Journal of Clinical & Experimental Pathology
Open Access

Cytogenetics is an area of genetics that investigates chromosomal structure, function, and involvement in heredity. It studies the chromosomal content of cells and how chromosomal changes can cause genetic illnesses and diseases. Analyzing the arrangement and function of chromosomes provides essential knowledge into many aspects of life, including development, reproduction, and the cellular basis of disorders such as cancer. As a result, cytogenetics provides an important role in both scientific and clinical research. Chromosomes contain genetic material that is passed down from one generation to the next. They are found in the nucleus of every cell and are made up of lengthy DNA molecules and associated proteins. Cytogenetics began with the discovery of chromosomes in the late 19^th century. Early innovators, such as Walther Flemming, observed chromosomes during cell division (mitosis) with simple microscopes. The field made significant progress in the mid-20^th century, when advances in microscopy and staining techniques allowed scientists to see chromosomes more clearly. This resulted in the invention of karyotyping, which is still used in cytogenetics today.
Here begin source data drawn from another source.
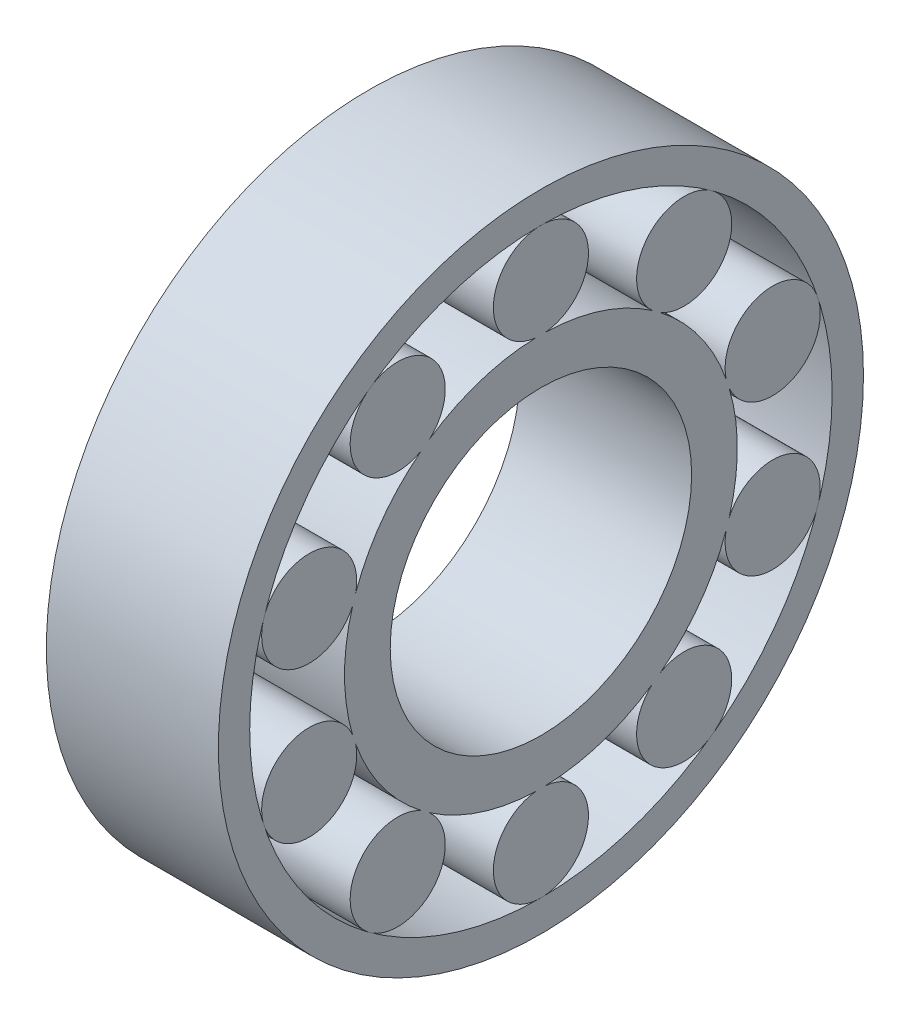
ISO-10303-21;
HEADER;
FILE_DESCRIPTION(('STEP AP214'),'2;1');
FILE_NAME('part.step','',(''),(''),'','','');
FILE_SCHEMA(('AUTOMOTIVE_DESIGN { 1 0 10303 214 1 1 1 1 }'));
ENDSEC;
DATA;
#1=APPLICATION_CONTEXT('core data for automotive mechanical design processes');
#2=APPLICATION_PROTOCOL_DEFINITION('international standard','automotive_design',2000,#1);
#3=PRODUCT_CONTEXT('',#1,'mechanical');
#4=PRODUCT('Part','Part','',(#3));
#5=PRODUCT_RELATED_PRODUCT_CATEGORY('part','',(#4));
#6=PRODUCT_DEFINITION_FORMATION('','',#4);
#7=PRODUCT_DEFINITION_CONTEXT('part definition',#1,'design');
#8=PRODUCT_DEFINITION('design','',#6,#7);
#9=PRODUCT_DEFINITION_SHAPE('','',#8);
#10=(LENGTH_UNIT() NAMED_UNIT(*) SI_UNIT(.MILLI.,.METRE.));
#11=(NAMED_UNIT(*) PLANE_ANGLE_UNIT() SI_UNIT($,.RADIAN.));
#12=(NAMED_UNIT(*) SI_UNIT($,.STERADIAN.) SOLID_ANGLE_UNIT());
#13=UNCERTAINTY_MEASURE_WITH_UNIT(LENGTH_MEASURE(1.E-05),#10,'distance_accuracy_value','');
#14=(GEOMETRIC_REPRESENTATION_CONTEXT(3) GLOBAL_UNCERTAINTY_ASSIGNED_CONTEXT((#13)) GLOBAL_UNIT_ASSIGNED_CONTEXT((#10,
#11,#12)) REPRESENTATION_CONTEXT('',''));
#15=CARTESIAN_POINT('',(0.,0.,0.));
#16=DIRECTION('',(0.,0.,1.));
#17=DIRECTION('',(1.,0.,0.));
#18=AXIS2_PLACEMENT_3D('',#15,#16,#17);
#19=CARTESIAN_POINT('',(12.7,0.,0.));
#20=DIRECTION('',(1.,0.,0.));
#21=DIRECTION('',(0.,0.,-1.));
#22=AXIS2_PLACEMENT_3D('',#19,#20,#21);
#23=PLANE('',#22);
#24=CARTESIAN_POINT('',(12.7,0.,0.));
#25=DIRECTION('',(1.,0.,0.));
#26=DIRECTION('',(0.,0.,-1.));
#27=AXIS2_PLACEMENT_3D('',#24,#25,#26);
#28=CIRCLE('',#27,21.5);
#29=CARTESIAN_POINT('',(12.7,0.,-21.5));
#30=VERTEX_POINT('',#29);
#31=EDGE_CURVE('E12',#30,#30,#28,.T.);
#32=ORIENTED_EDGE('',*,*,#31,.F.);
#33=EDGE_LOOP('',(#32));
#34=FACE_BOUND('',#33,.T.);
#35=CARTESIAN_POINT('',(12.7,0.,0.));
#36=DIRECTION('',(1.,0.,0.));
#37=DIRECTION('',(0.,0.,-1.));
#38=AXIS2_PLACEMENT_3D('',#35,#36,#37);
#39=CIRCLE('',#38,23.8125);
#40=CARTESIAN_POINT('',(12.7,0.,-23.8125));
#41=VERTEX_POINT('',#40);
#42=EDGE_CURVE('E71',#41,#41,#39,.T.);
#43=ORIENTED_EDGE('',*,*,#42,.T.);
#44=EDGE_LOOP('',(#43));
#45=FACE_BOUND('',#44,.T.);
#46=ADVANCED_FACE('F56',(#34,#45),#23,.T.);
#47=CARTESIAN_POINT('',(0.,0.,0.));
#48=DIRECTION('',(1.,0.,0.));
#49=DIRECTION('',(0.,0.,-1.));
#50=AXIS2_PLACEMENT_3D('',#47,#48,#49);
#51=PLANE('',#50);
#52=CARTESIAN_POINT('',(0.,0.,0.));
#53=DIRECTION('',(1.,0.,0.));
#54=DIRECTION('',(0.,0.,-1.));
#55=AXIS2_PLACEMENT_3D('',#52,#53,#54);
#56=CIRCLE('',#55,21.5);
#57=CARTESIAN_POINT('',(0.,0.,-21.5));
#58=VERTEX_POINT('',#57);
#59=EDGE_CURVE('E64',#58,#58,#56,.T.);
#60=ORIENTED_EDGE('',*,*,#59,.T.);
#61=EDGE_LOOP('',(#60));
#62=FACE_BOUND('',#61,.T.);
#63=CARTESIAN_POINT('',(0.,0.,0.));
#64=DIRECTION('',(1.,0.,0.));
#65=DIRECTION('',(0.,0.,-1.));
#66=AXIS2_PLACEMENT_3D('',#63,#64,#65);
#67=CIRCLE('',#66,23.8125);
#68=CARTESIAN_POINT('',(0.,0.,-23.8125));
#69=VERTEX_POINT('',#68);
#70=EDGE_CURVE('E70',#69,#69,#67,.T.);
#71=ORIENTED_EDGE('',*,*,#70,.F.);
#72=EDGE_LOOP('',(#71));
#73=FACE_BOUND('',#72,.T.);
#74=ADVANCED_FACE('F62',(#62,#73),#51,.F.);
#75=CARTESIAN_POINT('',(12.7,0.,0.));
#76=DIRECTION('',(-1.,0.,0.));
#77=DIRECTION('',(0.,0.,1.));
#78=AXIS2_PLACEMENT_3D('',#75,#76,#77);
#79=CYLINDRICAL_SURFACE('',#78,23.8125);
#80=ORIENTED_EDGE('',*,*,#42,.F.);
#81=EDGE_LOOP('',(#80));
#82=FACE_BOUND('',#81,.T.);
#83=ORIENTED_EDGE('',*,*,#70,.T.);
#84=EDGE_LOOP('',(#83));
#85=FACE_BOUND('',#84,.T.);
#86=ADVANCED_FACE('F81',(#82,#85),#79,.T.);
#87=CARTESIAN_POINT('',(0.,0.,0.));
#88=DIRECTION('',(1.,0.,0.));
#89=DIRECTION('',(0.,0.,-1.));
#90=AXIS2_PLACEMENT_3D('',#87,#88,#89);
#91=CYLINDRICAL_SURFACE('',#90,21.5);
#92=ORIENTED_EDGE('',*,*,#31,.T.);
#93=EDGE_LOOP('',(#92));
#94=FACE_BOUND('',#93,.T.);
#95=ORIENTED_EDGE('',*,*,#59,.F.);
#96=EDGE_LOOP('',(#95));
#97=FACE_BOUND('',#96,.T.);
#98=ADVANCED_FACE('F85',(#94,#97),#91,.F.);
#99=CLOSED_SHELL('',(#46,#74,#86,#98));
#100=MANIFOLD_SOLID_BREP('B2',#99);
#101=CARTESIAN_POINT('',(0.,0.,0.));
#102=DIRECTION('',(1.,0.,0.));
#103=DIRECTION('',(0.,0.,-1.));
#104=AXIS2_PLACEMENT_3D('',#101,#102,#103);
#105=CYLINDRICAL_SURFACE('',#104,14.5);
#106=DIRECTION('',(1.,0.,0.));
#107=VECTOR('',#106,1.);
#108=CARTESIAN_POINT('',(6.35,11.5161112431725,8.81074241110673));
#109=LINE('',#108,#107);
#110=CARTESIAN_POINT('',(0.,11.5161112431725,8.81074241110675));
#111=VERTEX_POINT('',#110);
#112=CARTESIAN_POINT('',(12.7,11.5161112431725,8.81074241110675));
#113=VERTEX_POINT('',#112);
#114=EDGE_CURVE('E60',#111,#113,#109,.T.);
#115=ORIENTED_EDGE('',*,*,#114,.F.);
#116=CARTESIAN_POINT('',(0.,0.,0.));
#117=DIRECTION('',(1.,0.,0.));
#118=DIRECTION('',(0.,0.,-1.));
#119=AXIS2_PLACEMENT_3D('',#116,#117,#118);
#120=CIRCLE('',#119,14.5);
#121=CARTESIAN_POINT('',(0.,4.82083990023876,13.6751417782876));
#122=VERTEX_POINT('',#121);
#123=EDGE_CURVE('E257',#111,#122,#120,.T.);
#124=ORIENTED_EDGE('',*,*,#123,.T.);
#125=DIRECTION('',(1.,0.,0.));
#126=VECTOR('',#125,1.);
#127=CARTESIAN_POINT('',(6.35,4.82083990023876,13.6751417782876));
#128=LINE('',#127,#126);
#129=CARTESIAN_POINT('',(12.7,4.82083990023876,13.6751417782876));
#130=VERTEX_POINT('',#129);
#131=EDGE_CURVE('E425',#130,#122,#128,.F.);
#132=ORIENTED_EDGE('',*,*,#131,.F.);
#133=CARTESIAN_POINT('',(12.7,0.,0.));
#134=DIRECTION('',(1.,0.,0.));
#135=DIRECTION('',(0.,0.,-1.));
#136=AXIS2_PLACEMENT_3D('',#133,#134,#135);
#137=CIRCLE('',#136,14.5);
#138=EDGE_CURVE('E131',#113,#130,#137,.T.);
#139=ORIENTED_EDGE('',*,*,#138,.F.);
#140=EDGE_LOOP('',(#115,#124,#132,#139));
#141=FACE_BOUND('',#140,.T.);
#142=ADVANCED_FACE('F113',(#141),#105,.T.);
#143=DIRECTION('',(1.,0.,0.));
#144=VECTOR('',#143,1.);
#145=CARTESIAN_POINT('',(6.35,4.13790525383129,13.8970406961452));
#146=LINE('',#145,#144);
#147=CARTESIAN_POINT('',(0.,4.13790525383129,13.8970406961452));
#148=VERTEX_POINT('',#147);
#149=CARTESIAN_POINT('',(12.7,4.13790525383129,13.8970406961452));
#150=VERTEX_POINT('',#149);
#151=EDGE_CURVE('E271',#148,#150,#146,.T.);
#152=ORIENTED_EDGE('',*,*,#151,.F.);
#153=CARTESIAN_POINT('',(0.,-4.13790525382628,13.8970406961467));
#154=VERTEX_POINT('',#153);
#155=EDGE_CURVE('E439',#148,#154,#120,.T.);
#156=ORIENTED_EDGE('',*,*,#155,.T.);
#157=DIRECTION('',(1.,0.,0.));
#158=VECTOR('',#157,1.);
#159=CARTESIAN_POINT('',(6.35,-4.13790525382629,13.8970406961467));
#160=LINE('',#159,#158);
#161=CARTESIAN_POINT('',(12.7,-4.13790525382628,13.8970406961467));
#162=VERTEX_POINT('',#161);
#163=EDGE_CURVE('E411',#162,#154,#160,.F.);
#164=ORIENTED_EDGE('',*,*,#163,.F.);
#165=EDGE_CURVE('E436',#150,#162,#137,.T.);
#166=ORIENTED_EDGE('',*,*,#165,.F.);
#167=EDGE_LOOP('',(#152,#156,#164,#166));
#168=FACE_BOUND('',#167,.T.);
#169=ADVANCED_FACE('F532',(#168),#105,.T.);
#170=DIRECTION('',(1.,0.,0.));
#171=VECTOR('',#170,1.);
#172=CARTESIAN_POINT('',(6.35,-4.82083990024673,13.6751417782848));
#173=LINE('',#172,#171);
#174=CARTESIAN_POINT('',(0.,-4.82083990024675,13.6751417782847));
#175=VERTEX_POINT('',#174);
#176=CARTESIAN_POINT('',(12.7,-4.82083990024675,13.6751417782847));
#177=VERTEX_POINT('',#176);
#178=EDGE_CURVE('E416',#175,#177,#173,.T.);
#179=ORIENTED_EDGE('',*,*,#178,.F.);
#180=CARTESIAN_POINT('',(0.,-11.5161112431625,8.81074241111981));
#181=VERTEX_POINT('',#180);
#182=EDGE_CURVE('E444',#175,#181,#120,.T.);
#183=ORIENTED_EDGE('',*,*,#182,.T.);
#184=DIRECTION('',(1.,0.,0.));
#185=VECTOR('',#184,1.);
#186=CARTESIAN_POINT('',(6.35,-11.5161112431625,8.81074241111984));
#187=LINE('',#186,#185);
#188=CARTESIAN_POINT('',(12.7,-11.5161112431625,8.81074241111981));
#189=VERTEX_POINT('',#188);
#190=EDGE_CURVE('E407',#189,#181,#187,.F.);
#191=ORIENTED_EDGE('',*,*,#190,.F.);
#192=EDGE_CURVE('E493',#177,#189,#137,.T.);
#193=ORIENTED_EDGE('',*,*,#192,.F.);
#194=EDGE_LOOP('',(#179,#183,#191,#193));
#195=FACE_BOUND('',#194,.T.);
#196=ADVANCED_FACE('F496',(#195),#105,.T.);
#197=DIRECTION('',(1.,0.,0.));
#198=VECTOR('',#197,1.);
#199=CARTESIAN_POINT('',(6.35,-11.9381880667453,8.22980350209049));
#200=LINE('',#199,#198);
#201=CARTESIAN_POINT('',(0.,-11.9381880667452,8.22980350209052));
#202=VERTEX_POINT('',#201);
#203=CARTESIAN_POINT('',(12.7,-11.9381880667452,8.22980350209052));
#204=VERTEX_POINT('',#203);
#205=EDGE_CURVE('E408',#202,#204,#200,.T.);
#206=ORIENTED_EDGE('',*,*,#205,.F.);
#207=CARTESIAN_POINT('',(0.,-14.4955541558351,0.359039991158161));
#208=VERTEX_POINT('',#207);
#209=EDGE_CURVE('E447',#202,#208,#120,.T.);
#210=ORIENTED_EDGE('',*,*,#209,.T.);
#211=DIRECTION('',(1.,0.,0.));
#212=VECTOR('',#211,1.);
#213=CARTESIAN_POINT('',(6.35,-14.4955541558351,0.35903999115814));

Human cells have 23 pairs of chromosomes, for a total of 46. These comprise 22 pairs of autosomes (non-sex chromosomes) and one pair of sex chromosomes (XX for females and XY for men). Each chromosome contains thousands of genes that encode proteins required for proper development and physiological function. They involve changes in the amount of chromosomes, either an increase or a decrease, which frequently cause developmental problems. Advances in cytogenetics have resulted in the creation of various strong instruments and methodologies for thorough chromosomal examination. These methods are used in both research and clinical diagnostics to discover chromosomal abnormalities. Karyotyping is the process of assembling chromosomes in a uniform pattern to show their number, size, and structure. It involves transforming chromosomes to create a visible pattern of bands, known as G-banding that allows the identification of individual chromosomes and their defects. Karyotyping is commonly used to diagnose genetic problems such as Down syndrome, as well as to discover chromosomal abnormalities in cancer.

Fluorescence In Situ Hybridization (FISH) is a more advanced approach that visualizes specific DNA sequences on chromosomes using fluorescent probes. These probes bind to specific sections of the chromosome, allowing for the detection of minor structural defects that karyotyping cannot detect, such as microdeletions or duplications.

FISH is frequently used for cancer diagnosis, prenatal testing, and the discovery of genetic disorders. Comparative Genomic Hybridization (CGH) is a technique for detecting chromosomal gains and losses throughout a whole genome. It compares a patient's DNA to a reference DNA sample, identifying locations with too much or too little genetic material. CGH has proven an effective method for detecting chromosomal abnormalities in developmental disorders and malignancies, particularly solid tumors. Next-Generation Sequencing (NGS) and Whole-Genome Sequencing (WGS) are transforming cytogenetics by enabling the high-resolution sequencing of whole genomes. These methods can detect a wide variety of chromosomal abnormalities, including structural rearrangements, aneuploidies, and variations in the quantity of copies. NGS is very beneficial in cancer research for detecting somatic mutations and chromosomal changes that cause carcinogenesis.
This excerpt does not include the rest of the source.